[Collection entries]
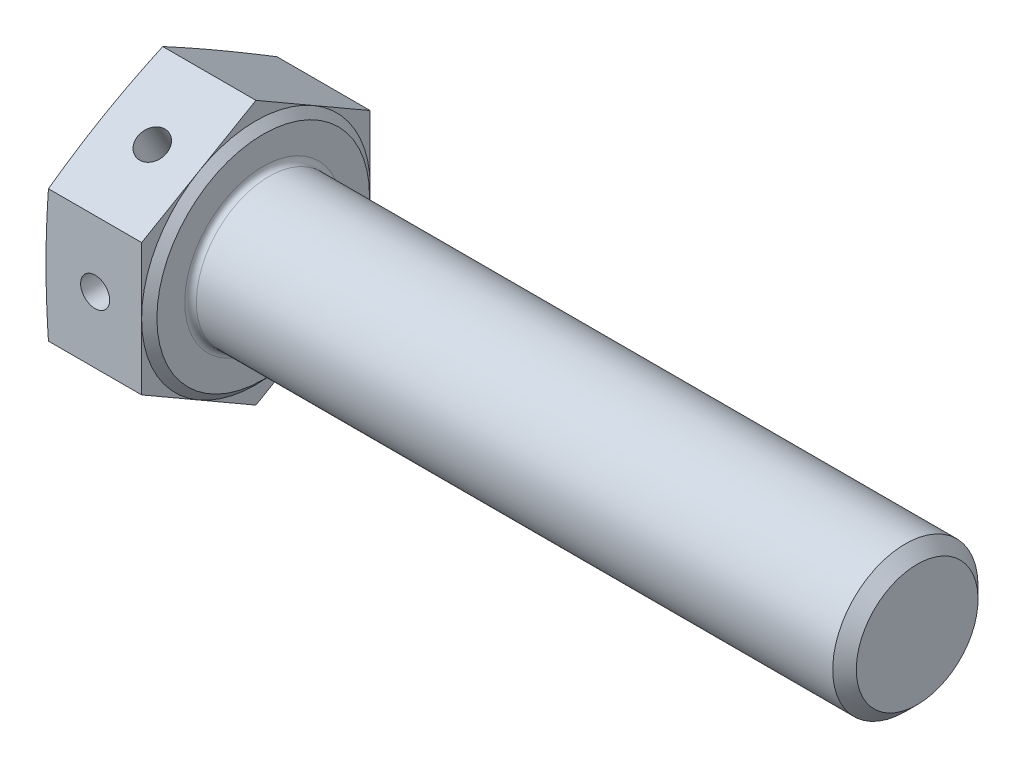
ISO-10303-21;
HEADER;
FILE_DESCRIPTION(('STEP AP214'),'2;1');
FILE_NAME('part.step','',(''),(''),'','','');
FILE_SCHEMA(('AUTOMOTIVE_DESIGN { 1 0 10303 214 1 1 1 1 }'));
ENDSEC;
DATA;
#1=APPLICATION_CONTEXT('core data for automotive mechanical design processes');
#2=APPLICATION_PROTOCOL_DEFINITION('international standard','automotive_design',2000,#1);
#3=PRODUCT_CONTEXT('',#1,'mechanical');
#4=PRODUCT('Part','Part','',(#3));
#5=PRODUCT_RELATED_PRODUCT_CATEGORY('part','',(#4));
#6=PRODUCT_DEFINITION_FORMATION('','',#4);
#7=PRODUCT_DEFINITION_CONTEXT('part definition',#1,'design');
#8=PRODUCT_DEFINITION('design','',#6,#7);
#9=PRODUCT_DEFINITION_SHAPE('','',#8);
#10=(LENGTH_UNIT() NAMED_UNIT(*) SI_UNIT(.MILLI.,.METRE.));
#11=(NAMED_UNIT(*) PLANE_ANGLE_UNIT() SI_UNIT($,.RADIAN.));
#12=(NAMED_UNIT(*) SI_UNIT($,.STERADIAN.) SOLID_ANGLE_UNIT());
#13=UNCERTAINTY_MEASURE_WITH_UNIT(LENGTH_MEASURE(1.E-05),#10,'distance_accuracy_value','');
#14=(GEOMETRIC_REPRESENTATION_CONTEXT(3) GLOBAL_UNCERTAINTY_ASSIGNED_CONTEXT((#13)) GLOBAL_UNIT_ASSIGNED_CONTEXT((#10,
#11,#12)) REPRESENTATION_CONTEXT('',''));
#15=CARTESIAN_POINT('',(0.,0.,0.));
#16=DIRECTION('',(0.,0.,1.));
#17=DIRECTION('',(1.,0.,0.));
#18=AXIS2_PLACEMENT_3D('',#15,#16,#17);
#19=CARTESIAN_POINT('',(3.38,0.,-7.865));
#20=DIRECTION('',(0.,0.,1.));
#21=DIRECTION('',(1.,0.,0.));
#22=AXIS2_PLACEMENT_3D('',#19,#20,#21);
#23=CYLINDRICAL_SURFACE('',#22,0.999999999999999);
#24=CARTESIAN_POINT('',(3.38,0.,7.865));
#25=DIRECTION('',(0.,0.,1.));
#26=DIRECTION('',(1.,0.,0.));
#27=AXIS2_PLACEMENT_3D('',#24,#25,#26);
#28=CIRCLE('',#27,0.999999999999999);
#29=CARTESIAN_POINT('',(4.38,0.,7.865));
#30=VERTEX_POINT('',#29);
#31=EDGE_CURVE('E584',#30,#30,#28,.T.);
#32=ORIENTED_EDGE('',*,*,#31,.T.);
#33=EDGE_LOOP('',(#32));
#34=FACE_BOUND('',#33,.T.);
#35=CARTESIAN_POINT('',(3.38,0.,0.));
#36=DIRECTION('',(0.,-0.866025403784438,0.500000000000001));
#37=DIRECTION('',(0.,0.500000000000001,0.866025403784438));
#38=AXIS2_PLACEMENT_3D('',#35,#36,#37);
#39=ELLIPSE('',#38,1.99999999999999,0.999999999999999);
#40=CARTESIAN_POINT('',(2.38,0.,0.));
#41=VERTEX_POINT('',#40);
#42=CARTESIAN_POINT('',(4.38,0.,0.));
#43=VERTEX_POINT('',#42);
#44=EDGE_CURVE('E46',#41,#43,#39,.F.);
#45=ORIENTED_EDGE('',*,*,#44,.T.);
#46=CARTESIAN_POINT('',(3.38,0.,0.));
#47=DIRECTION('',(0.,0.500000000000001,0.866025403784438));
#48=DIRECTION('',(0.,-0.866025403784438,0.500000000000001));
#49=AXIS2_PLACEMENT_3D('',#46,#47,#48);
#50=ELLIPSE('',#49,1.15470053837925,0.999999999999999);
#51=EDGE_CURVE('E11',#43,#41,#50,.F.);
#52=ORIENTED_EDGE('',*,*,#51,.T.);
#53=EDGE_LOOP('',(#45,#52));
#54=FACE_BOUND('',#53,.T.);
#55=ADVANCED_FACE('F32',(#34,#54),#23,.F.);
#56=CARTESIAN_POINT('',(7.08,0.,0.));
#57=DIRECTION('',(-1.,0.,0.));
#58=DIRECTION('',(0.,-1.,0.));
#59=AXIS2_PLACEMENT_3D('',#56,#57,#58);
#60=PLANE('',#59);
#61=CARTESIAN_POINT('',(7.08,0.,0.));
#62=DIRECTION('',(-1.,0.,0.));
#63=DIRECTION('',(0.,-1.,0.));
#64=AXIS2_PLACEMENT_3D('',#61,#62,#63);
#65=CIRCLE('',#64,5.4);
#66=CARTESIAN_POINT('',(7.08,-5.4,0.));
#67=VERTEX_POINT('',#66);
#68=EDGE_CURVE('E137',#67,#67,#65,.T.);
#69=ORIENTED_EDGE('',*,*,#68,.T.);
#70=EDGE_LOOP('',(#69));
#71=FACE_BOUND('',#70,.T.);
#72=CARTESIAN_POINT('',(7.08,0.,0.));
#73=DIRECTION('',(-1.,0.,0.));
#74=DIRECTION('',(0.,-1.,0.));
#75=AXIS2_PLACEMENT_3D('',#72,#73,#74);
#76=CIRCLE('',#75,7.315);
#77=CARTESIAN_POINT('',(7.08,-7.315,0.));
#78=VERTEX_POINT('',#77);
#79=EDGE_CURVE('E284',#78,#78,#76,.T.);
#80=ORIENTED_EDGE('',*,*,#79,.F.);
#81=EDGE_LOOP('',(#80));
#82=FACE_BOUND('',#81,.T.);
#83=ADVANCED_FACE('F239',(#71,#82),#60,.F.);
#84=CARTESIAN_POINT('',(6.58,-13.6225796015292,-7.865));
#85=DIRECTION('',(1.,0.,0.));
#86=DIRECTION('',(0.,0.,-1.));
#87=AXIS2_PLACEMENT_3D('',#84,#85,#86);
#88=PLANE('',#87);
#89=DIRECTION('',(0.,-0.5,-0.866025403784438));
#90=VECTOR('',#89,1.);
#91=CARTESIAN_POINT('',(6.58,-4.54085986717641,7.865));
#92=LINE('',#91,#90);
#93=CARTESIAN_POINT('',(6.58,-4.54085986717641,7.865));
#94=VERTEX_POINT('',#93);
#95=CARTESIAN_POINT('',(6.58,-6.81128980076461,3.9325));
#96=VERTEX_POINT('',#95);
#97=EDGE_CURVE('E197',#94,#96,#92,.T.);
#98=ORIENTED_EDGE('',*,*,#97,.T.);
#99=CARTESIAN_POINT('',(6.58,0.,0.));
#100=DIRECTION('',(-1.,0.,0.));
#101=DIRECTION('',(0.,-1.,0.));
#102=AXIS2_PLACEMENT_3D('',#99,#100,#101);
#103=CIRCLE('',#102,7.865);
#104=CARTESIAN_POINT('',(6.58,0.,7.865));
#105=VERTEX_POINT('',#104);
#106=EDGE_CURVE('E54',#96,#105,#103,.T.);
#107=ORIENTED_EDGE('',*,*,#106,.T.);
#108=DIRECTION('',(0.,-1.,0.));
#109=VECTOR('',#108,1.);
#110=CARTESIAN_POINT('',(6.58,4.54085986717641,7.865));
#111=LINE('',#110,#109);
#112=EDGE_CURVE('E180',#105,#94,#111,.T.);
#113=ORIENTED_EDGE('',*,*,#112,.T.);
#114=EDGE_LOOP('',(#98,#107,#113));
#115=FACE_BOUND('',#114,.T.);
#116=ADVANCED_FACE('F245',(#115),#88,.T.);
#117=CARTESIAN_POINT('',(6.58,4.54085986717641,7.865));
#118=VERTEX_POINT('',#117);
#119=EDGE_CURVE('E177',#118,#105,#111,.T.);
#120=ORIENTED_EDGE('',*,*,#119,.T.);
#121=CARTESIAN_POINT('',(6.58,6.81128980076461,3.9325));
#122=VERTEX_POINT('',#121);
#123=EDGE_CURVE('E153',#105,#122,#103,.T.);
#124=ORIENTED_EDGE('',*,*,#123,.T.);
#125=DIRECTION('',(0.,-0.5,0.866025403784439));
#126=VECTOR('',#125,1.);
#127=CARTESIAN_POINT('',(6.58,9.08171973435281,0.));
#128=LINE('',#127,#126);
#129=EDGE_CURVE('E184',#122,#118,#128,.T.);
#130=ORIENTED_EDGE('',*,*,#129,.T.);
#131=EDGE_LOOP('',(#120,#124,#130));
#132=FACE_BOUND('',#131,.T.);
#133=ADVANCED_FACE('F341',(#132),#88,.T.);
#134=CARTESIAN_POINT('',(6.58,9.08171973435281,0.));
#135=VERTEX_POINT('',#134);
#136=EDGE_CURVE('E181',#135,#122,#128,.T.);
#137=ORIENTED_EDGE('',*,*,#136,.T.);
#138=CARTESIAN_POINT('',(6.58,6.81128980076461,-3.9325));
#139=VERTEX_POINT('',#138);
#140=EDGE_CURVE('E346',#122,#139,#103,.T.);
#141=ORIENTED_EDGE('',*,*,#140,.T.);
#142=DIRECTION('',(0.,0.5,0.866025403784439));
#143=VECTOR('',#142,1.);
#144=CARTESIAN_POINT('',(6.58,4.54085986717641,-7.865));
#145=LINE('',#144,#143);
#146=EDGE_CURVE('E188',#139,#135,#145,.T.);
#147=ORIENTED_EDGE('',*,*,#146,.T.);
#148=EDGE_LOOP('',(#137,#141,#147));
#149=FACE_BOUND('',#148,.T.);
#150=ADVANCED_FACE('F345',(#149),#88,.T.);
#151=CARTESIAN_POINT('',(6.58,4.54085986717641,-7.865));
#152=VERTEX_POINT('',#151);
#153=EDGE_CURVE('E185',#152,#139,#145,.T.);
#154=ORIENTED_EDGE('',*,*,#153,.T.);
#155=CARTESIAN_POINT('',(6.58,0.,-7.865));
#156=VERTEX_POINT('',#155);
#157=EDGE_CURVE('E405',#139,#156,#103,.T.);
#158=ORIENTED_EDGE('',*,*,#157,.T.);
#159=DIRECTION('',(0.,1.,0.));
#160=VECTOR('',#159,1.);
#161=CARTESIAN_POINT('',(6.58,-4.54085986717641,-7.865));
#162=LINE('',#161,#160);
#163=EDGE_CURVE('E192',#156,#152,#162,.T.);
#164=ORIENTED_EDGE('',*,*,#163,.T.);
#165=EDGE_LOOP('',(#154,#158,#164));
#166=FACE_BOUND('',#165,.T.);
#167=ADVANCED_FACE('F398',(#166),#88,.T.);
#168=CARTESIAN_POINT('',(6.58,-4.54085986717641,-7.865));
#169=VERTEX_POINT('',#168);
#170=EDGE_CURVE('E189',#169,#156,#162,.T.);
#171=ORIENTED_EDGE('',*,*,#170,.T.);
#172=CARTESIAN_POINT('',(6.58,-6.81128980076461,-3.9325));
#173=VERTEX_POINT('',#172);
#174=EDGE_CURVE('E403',#156,#173,#103,.T.);
#175=ORIENTED_EDGE('',*,*,#174,.T.);
#176=DIRECTION('',(0.,0.5,-0.866025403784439));
#177=VECTOR('',#176,1.);
#178=CARTESIAN_POINT('',(6.58,-9.08171973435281,0.));
#179=LINE('',#178,#177);
#180=EDGE_CURVE('E196',#173,#169,#179,.T.);
#181=ORIENTED_EDGE('',*,*,#180,.T.);
#182=EDGE_LOOP('',(#171,#175,#181));
#183=FACE_BOUND('',#182,.T.);
#184=ADVANCED_FACE('F393',(#183),#88,.T.);
#185=CARTESIAN_POINT('',(6.58,-9.08171973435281,0.));
#186=VERTEX_POINT('',#185);
#187=EDGE_CURVE('E193',#186,#173,#179,.T.);
#188=ORIENTED_EDGE('',*,*,#187,.T.);
#189=EDGE_CURVE('E292',#173,#96,#103,.T.);
#190=ORIENTED_EDGE('',*,*,#189,.T.);
#191=EDGE_CURVE('E200',#96,#186,#92,.T.);
#192=ORIENTED_EDGE('',*,*,#191,.T.);
#193=EDGE_LOOP('',(#188,#190,#192));
#194=FACE_BOUND('',#193,.T.);
#195=ADVANCED_FACE('F234',(#194),#88,.T.);
#196=CARTESIAN_POINT('',(6.58,-4.54085986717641,7.865));
#197=DIRECTION('',(0.,0.866025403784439,-0.5));
#198=DIRECTION('',(0.,0.5,0.866025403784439));
#199=AXIS2_PLACEMENT_3D('',#196,#197,#198);
#200=PLANE('',#199);
#201=CARTESIAN_POINT('',(0.168092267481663,-9.08183520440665,-0.000199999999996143));
#202=CARTESIAN_POINT('',(0.141966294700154,-8.89279242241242,0.327231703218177));
#203=CARTESIAN_POINT('',(0.118290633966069,-8.70365739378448,0.654823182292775));
#204=CARTESIAN_POINT('',(0.0767449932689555,-8.32520947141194,1.31031421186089));
#205=CARTESIAN_POINT('',(0.0588756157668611,-8.13589656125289,1.63821379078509));
#206=CARTESIAN_POINT('',(0.029873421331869,-7.7574000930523,2.29378890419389));
#207=CARTESIAN_POINT('',(0.0187313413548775,-7.56821671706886,2.62146412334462));
#208=CARTESIAN_POINT('',(0.00379481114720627,-7.18978549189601,3.27692623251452));
#209=CARTESIAN_POINT('',(0.,-7.00053764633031,3.60471311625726));
#210=CARTESIAN_POINT('',(0.,-6.62204195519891,4.26028688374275));
#211=CARTESIAN_POINT('',(0.0037948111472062,-6.43279410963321,4.58807376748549));
#212=CARTESIAN_POINT('',(0.0187313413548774,-6.05436288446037,5.24353587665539));
#213=CARTESIAN_POINT('',(0.0298734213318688,-5.86517950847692,5.57121109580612));
#214=CARTESIAN_POINT('',(0.0588756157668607,-5.48668304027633,6.22678620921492));
#215=CARTESIAN_POINT('',(0.0767449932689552,-5.29737013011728,6.55468578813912));
#216=CARTESIAN_POINT('',(0.118290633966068,-4.91892220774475,7.21017681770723));
#217=CARTESIAN_POINT('',(0.141966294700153,-4.7297871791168,7.53776829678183));
#218=CARTESIAN_POINT('',(0.168092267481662,-4.54074439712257,7.8652));
#219=B_SPLINE_CURVE_WITH_KNOTS('',3,(#201,#202,#203,#204,#205,#206,#207,#208,#209,#210,#211,
#212,#213,#214,#215,#216,#217,#218),.UNSPECIFIED.,.F.,.F.,(4,2,2,2,2,2,2,2,4),(0.,
1.13697631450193,2.27407056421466,3.40959551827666,4.54506469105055,5.68053386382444,
6.81605881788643,7.95315306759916,9.09012938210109),.UNSPECIFIED.);
#220=CARTESIAN_POINT('',(0.168076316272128,-9.08171973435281,0.));
#221=VERTEX_POINT('',#220);
#222=CARTESIAN_POINT('',(0.,-6.81128980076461,3.9325));
#223=VERTEX_POINT('',#222);
#224=EDGE_CURVE('E356',#221,#223,#219,.T.);
#225=ORIENTED_EDGE('',*,*,#224,.F.);
#226=DIRECTION('',(-1.,0.,0.));
#227=VECTOR('',#226,1.);
#228=CARTESIAN_POINT('',(6.58,-9.08171973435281,0.));
#229=LINE('',#228,#227);
#230=EDGE_CURVE('E158',#186,#221,#229,.T.);
#231=ORIENTED_EDGE('',*,*,#230,.F.);
#232=ORIENTED_EDGE('',*,*,#191,.F.);
#233=ORIENTED_EDGE('',*,*,#97,.F.);
#234=DIRECTION('',(-1.,0.,0.));
#235=VECTOR('',#234,1.);
#236=CARTESIAN_POINT('',(6.58,-4.54085986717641,7.865));
#237=LINE('',#236,#235);
#238=CARTESIAN_POINT('',(0.168076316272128,-4.5408598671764,7.865));
#239=VERTEX_POINT('',#238);
#240=EDGE_CURVE('E174',#94,#239,#237,.T.);
#241=ORIENTED_EDGE('',*,*,#240,.T.);
#242=EDGE_CURVE('E333',#223,#239,#219,.T.);
#243=ORIENTED_EDGE('',*,*,#242,.F.);
#244=EDGE_LOOP('',(#225,#231,#232,#233,#241,#243));
#245=FACE_BOUND('',#244,.T.);
#246=ADVANCED_FACE('F34',(#245),#200,.F.);
#247=CARTESIAN_POINT('',(6.58,-9.08171973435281,0.));
#248=DIRECTION('',(0.,0.866025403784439,0.5));
#249=DIRECTION('',(0.,-0.5,0.866025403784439));
#250=AXIS2_PLACEMENT_3D('',#247,#248,#249);
#251=PLANE('',#250);
#252=CARTESIAN_POINT('',(3.38,-6.81128980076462,-3.93249999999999));
#253=DIRECTION('',(0.,0.866025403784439,0.5));
#254=DIRECTION('',(0.,-0.5,0.866025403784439));
#255=AXIS2_PLACEMENT_3D('',#252,#253,#254);
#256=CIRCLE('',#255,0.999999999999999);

EXERCISE REQUIREMENTS: Print exactly the lines from the first line of the records above through the line containing "#30=VERTEX_POINT('',#29);", leaving out the pictures.

OUTPUT OF THE TASK:
ISO-10303-21;
HEADER;
FILE_DESCRIPTION(('STEP AP214'),'2;1');
FILE_NAME('part.step','',(''),(''),'','','');
FILE_SCHEMA(('AUTOMOTIVE_DESIGN { 1 0 10303 214 1 1 1 1 }'));
ENDSEC;
DATA;
#1=APPLICATION_CONTEXT('core data for automotive mechanical design processes');
#2=APPLICATION_PROTOCOL_DEFINITION('international standard','automotive_design',2000,#1);
#3=PRODUCT_CONTEXT('',#1,'mechanical');
#4=PRODUCT('Part','Part','',(#3));
#5=PRODUCT_RELATED_PRODUCT_CATEGORY('part','',(#4));
#6=PRODUCT_DEFINITION_FORMATION('','',#4);
#7=PRODUCT_DEFINITION_CONTEXT('part definition',#1,'design');
#8=PRODUCT_DEFINITION('design','',#6,#7);
#9=PRODUCT_DEFINITION_SHAPE('','',#8);
#10=(LENGTH_UNIT() NAMED_UNIT(*) SI_UNIT(.MILLI.,.METRE.));
#11=(NAMED_UNIT(*) PLANE_ANGLE_UNIT() SI_UNIT($,.RADIAN.));
#12=(NAMED_UNIT(*) SI_UNIT($,.STERADIAN.) SOLID_ANGLE_UNIT());
#13=UNCERTAINTY_MEASURE_WITH_UNIT(LENGTH_MEASURE(1.E-05),#10,'distance_accuracy_value','');
#14=(GEOMETRIC_REPRESENTATION_CONTEXT(3) GLOBAL_UNCERTAINTY_ASSIGNED_CONTEXT((#13)) GLOBAL_UNIT_ASSIGNED_CONTEXT((#10,
#11,#12)) REPRESENTATION_CONTEXT('',''));
#15=CARTESIAN_POINT('',(0.,0.,0.));
#16=DIRECTION('',(0.,0.,1.));
#17=DIRECTION('',(1.,0.,0.));
#18=AXIS2_PLACEMENT_3D('',#15,#16,#17);
#19=CARTESIAN_POINT('',(3.38,0.,-7.865));
#20=DIRECTION('',(0.,0.,1.));
#21=DIRECTION('',(1.,0.,0.));
#22=AXIS2_PLACEMENT_3D('',#19,#20,#21);
#23=CYLINDRICAL_SURFACE('',#22,0.999999999999999);
#24=CARTESIAN_POINT('',(3.38,0.,7.865));
#25=DIRECTION('',(0.,0.,1.));
#26=DIRECTION('',(1.,0.,0.));
#27=AXIS2_PLACEMENT_3D('',#24,#25,#26);
#28=CIRCLE('',#27,0.999999999999999);
#29=CARTESIAN_POINT('',(4.38,0.,7.865));
#30=VERTEX_POINT('',#29);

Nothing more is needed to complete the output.